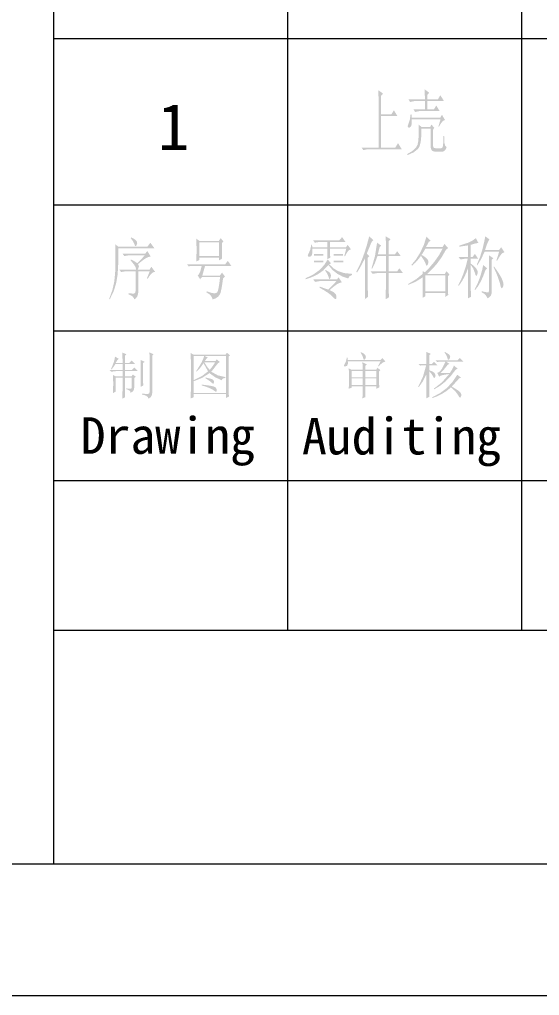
# Model space of a CAD drawing. Header units: millimetres. Extents: x 0 to 260, y 22 to 203.
# Drawn here: x 180.07 to 197.8, y 22.29 to 55.59 of the extents above; entities that cross this region are included whole.
import ezdxf

# ---------------------------------------------------------------- set-up
doc = ezdxf.new("R2010")
doc.units = ezdxf.units.MM

msp = doc.modelspace()

# ---------------------------------------------------------------- hatches: boundary and pattern name
h = msp.add_hatch(color=7)
h.dxf.hatch_style = 2
h.paths.add_polyline_path([(192.306915, 53.179785), (192.465665, 53.065683), (192.401173, 52.989616), (192.401173, 52.352411), (192.747336, 52.352411), (192.835531, 52.495176), (192.959003, 52.295636), (192.401173, 52.295636), (192.401173, 51.220766), (192.882384, 51.220766), (192.976642, 51.372901), (193.105626, 51.163991), (191.931537, 51.163991), (191.790426, 51.135327), (191.738061, 51.220766), (192.31353, 51.220766), (192.31353, 52.818188)])
h = msp.add_hatch(color=7)
h.paths.add_polyline_path([(193.288735, 51.001933), (193.422991, 51.078613), (193.526447, 51.15648), (193.599104, 51.235485), (193.640962, 51.315575), (193.663303, 51.419755), (193.67748, 51.570236), (193.683595, 51.76702), (193.681752, 52.010106), (193.77601, 51.924668), (194.07532, 51.924668), (194.116661, 52.010106), (194.210367, 51.896005), (194.169026, 51.829308), (194.169026, 51.35416), (194.172342, 51.280237), (194.188112, 51.230343), (194.216388, 51.204324), (194.257221, 51.202025), (194.45676, 51.202025), (194.497757, 51.22931), (194.515189, 51.311165), (194.519668, 51.443043), (194.521253, 51.620397), (194.550467, 51.620397), (194.553361, 51.482386), (194.562043, 51.372901), (194.585607, 51.289806), (194.633149, 51.230688), (194.588914, 51.137808), (194.515741, 51.087923), (194.221943, 51.087923), (194.160767, 51.101652), (194.117832, 51.142769), (194.093191, 51.211171), (194.086895, 51.306755), (194.086895, 51.867341), (193.77601, 51.867341), (193.770928, 51.617753), (193.750654, 51.420512), (193.715083, 51.275672), (193.664113, 51.183283), (193.512942, 51.061809), (193.294799, 50.9639)])
h.paths.add_polyline_path([(194.356991, 51.953331), (194.427546, 52.190905), (193.441422, 52.190905), (193.443704, 52.096122), (193.43901, 52.021751), (193.427392, 51.96774), (193.4089, 51.934038), (193.36873, 51.901792), (193.335589, 51.900966), (193.306374, 51.943409), (193.31354, 51.981374), (193.335589, 52.038769), (193.379548, 52.176504), (193.406144, 52.361781), (193.43591, 52.361781), (193.441422, 52.24768), (194.421483, 52.24768), (194.474399, 52.34304), (194.579682, 52.162242), (194.529659, 52.144258), (194.478809, 52.10023), (194.427133, 52.030157), (194.374629, 51.934038)])
h.paths.add_polyline_path([(193.893418, 52.866143), (193.887355, 53.208448), (194.040042, 53.094347), (193.97555, 53.018279), (193.97555, 52.866143), (194.333839, 52.866143), (194.421483, 53.008357), (194.544955, 52.808817), (193.97555, 52.808817), (193.97555, 52.523839), (194.198241, 52.523839), (194.280923, 52.656682), (194.398332, 52.466512), (193.699942, 52.466512), (193.558831, 52.437849), (193.505914, 52.523839), (193.893418, 52.523839), (193.893418, 52.808817), (193.529616, 52.808817), (193.388505, 52.780154), (193.335589, 52.866143)])
h = msp.add_hatch(color=7)
h.paths.add_polyline_path([(183.335497, 47.921633), (183.436921, 47.839502), (184.426904, 47.839502), (184.528327, 47.976204), (184.669438, 47.784932), (183.436921, 47.784932), (183.434992, 47.449586), (183.429755, 47.152688), (183.410394, 46.877356), (183.365814, 46.606985), (183.282236, 46.333237), (183.146982, 46.047501), (183.126587, 46.065691), (183.236968, 46.371616), (183.298566, 46.652736), (183.326953, 46.932202), (183.338805, 47.234819), (183.339631, 47.563137)])
h.paths.add_polyline_path([(183.874586, 48.158105), (183.977043, 48.104499), (184.042706, 48.053374), (184.075435, 48.00087), (184.079638, 47.944233), (184.039399, 47.857692), (184.009702, 47.86224), (183.982073, 47.930453), (183.934875, 48.030498), (183.860805, 48.130544)])
h.paths.add_polyline_path([(183.786943, 46.256963), (183.887815, 46.24332), (183.962229, 46.238773), (184.009289, 46.263715), (184.029477, 46.339094), (184.029477, 47.002757), (183.692685, 47.002757), (183.531179, 46.975748), (183.469994, 47.057328), (184.043258, 47.057328), (184.02803, 47.133464), (183.982624, 47.216629), (183.854191, 47.37593), (183.867971, 47.40294), (183.968913, 47.352917), (184.083496, 47.275609), (184.345875, 47.54846), (183.800723, 47.54846), (183.638666, 47.521451), (183.578032, 47.603031), (184.353041, 47.603031), (184.426904, 47.693981), (184.541556, 47.503261), (184.461354, 47.488378), (184.369577, 47.44373), (184.255958, 47.365181), (184.110506, 47.248599), (184.133657, 47.196165), (184.136964, 47.148278), (184.096726, 47.057328), (184.501318, 47.057328), (184.5614, 47.157649), (184.689833, 46.984567), (184.631129, 46.969788), (184.569944, 46.925449), (184.506279, 46.851552), (184.440133, 46.748096), (184.413123, 46.766286), (184.507932, 47.002757), (184.117121, 47.002757), (184.117121, 46.302714), (184.108654, 46.217973), (184.08329, 46.145686), (184.041079, 46.085905), (183.982073, 46.038682), (183.962436, 46.093777), (183.923368, 46.140863), (183.864871, 46.179991), (183.786943, 46.211212)])
h = msp.add_hatch(color=7)
h.paths.add_polyline_path([(186.967865, 47.958013), (186.968278, 47.771255), (186.969518, 47.621083), (186.971586, 47.507498), (186.974479, 47.4305), (186.873607, 47.37593), (186.873607, 47.466881), (186.199471, 47.466881), (186.199471, 47.38475), (186.098598, 47.33955), (186.105213, 47.725952), (186.098598, 48.112354), (186.199471, 48.039593), (186.866992, 48.039593), (186.927075, 48.130544), (187.021333, 48.021403)])
h.paths.add_polyline_path([(186.199471, 47.985023), (186.199471, 47.521451), (186.873607, 47.521451), (186.873607, 47.985023)])
h.paths.add_polyline_path([(187.008104, 46.757467), (186.978433, 46.546007), (186.95057, 46.384569), (186.924465, 46.273155), (186.900065, 46.211763), (186.852936, 46.149063), (186.805808, 46.107032), (186.743727, 46.074097), (186.651467, 46.038682), (186.633079, 46.105232), (186.592005, 46.168424), (186.528297, 46.228205), (186.442005, 46.284524), (186.449171, 46.320904), (186.607508, 46.265851), (186.718716, 46.247592), (186.8025, 46.275153), (186.827934, 46.318355), (186.853832, 46.420674), (186.880247, 46.582111), (186.907231, 46.802666), (186.287665, 46.802666), (186.22648, 46.729906), (186.146003, 46.857236), (186.188515, 46.904848), (186.223173, 46.975197), (186.252456, 47.068559), (186.280499, 47.184658), (185.896854, 47.184658), (185.835669, 47.166468), (185.782201, 47.239229), (187.082518, 47.239229), (187.16961, 47.35774), (187.290877, 47.184658), (186.395152, 47.184658), (186.300894, 46.857236), (186.900065, 46.857236), (186.974479, 46.957558), (187.075352, 46.820856)])
h = msp.add_hatch(color=7)
h.paths.add_polyline_path([(190.495975, 47.022106), (190.50314, 47.049116), (190.606424, 46.989998), (190.661339, 46.939975), (190.691656, 46.858396), (190.671261, 46.776264), (190.652795, 46.742296), (190.637637, 46.731065), (190.624408, 46.749255), (190.611179, 46.803825), (190.568666, 46.908005)])
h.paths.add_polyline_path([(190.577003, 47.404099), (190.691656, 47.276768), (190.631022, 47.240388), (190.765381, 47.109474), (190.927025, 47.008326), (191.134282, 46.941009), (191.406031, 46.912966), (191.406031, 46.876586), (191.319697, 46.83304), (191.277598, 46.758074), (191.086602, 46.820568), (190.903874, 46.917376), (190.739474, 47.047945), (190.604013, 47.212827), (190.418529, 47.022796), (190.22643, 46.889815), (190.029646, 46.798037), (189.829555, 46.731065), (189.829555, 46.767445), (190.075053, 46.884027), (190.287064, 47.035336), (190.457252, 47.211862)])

◆ INSTRUCTIONS TO FOLLOW:
Retype exactly the lines of the data above that fall between the line with "46.957558), (187.075352, 46.820856)])" and the line with "46.803825), (190.568666, 46.908005)])", inclusive, and add nothing.

◆ RESPONSE TO THIS EXERCISE:
h.paths.add_polyline_path([(187.008104, 46.757467), (186.978433, 46.546007), (186.95057, 46.384569), (186.924465, 46.273155), (186.900065, 46.211763), (186.852936, 46.149063), (186.805808, 46.107032), (186.743727, 46.074097), (186.651467, 46.038682), (186.633079, 46.105232), (186.592005, 46.168424), (186.528297, 46.228205), (186.442005, 46.284524), (186.449171, 46.320904), (186.607508, 46.265851), (186.718716, 46.247592), (186.8025, 46.275153), (186.827934, 46.318355), (186.853832, 46.420674), (186.880247, 46.582111), (186.907231, 46.802666), (186.287665, 46.802666), (186.22648, 46.729906), (186.146003, 46.857236), (186.188515, 46.904848), (186.223173, 46.975197), (186.252456, 47.068559), (186.280499, 47.184658), (185.896854, 47.184658), (185.835669, 47.166468), (185.782201, 47.239229), (187.082518, 47.239229), (187.16961, 47.35774), (187.290877, 47.184658), (186.395152, 47.184658), (186.300894, 46.857236), (186.900065, 46.857236), (186.974479, 46.957558), (187.075352, 46.820856)])
h = msp.add_hatch(color=7)
h.paths.add_polyline_path([(190.495975, 47.022106), (190.50314, 47.049116), (190.606424, 46.989998), (190.661339, 46.939975), (190.691656, 46.858396), (190.671261, 46.776264), (190.652795, 46.742296), (190.637637, 46.731065), (190.624408, 46.749255), (190.611179, 46.803825), (190.568666, 46.908005)])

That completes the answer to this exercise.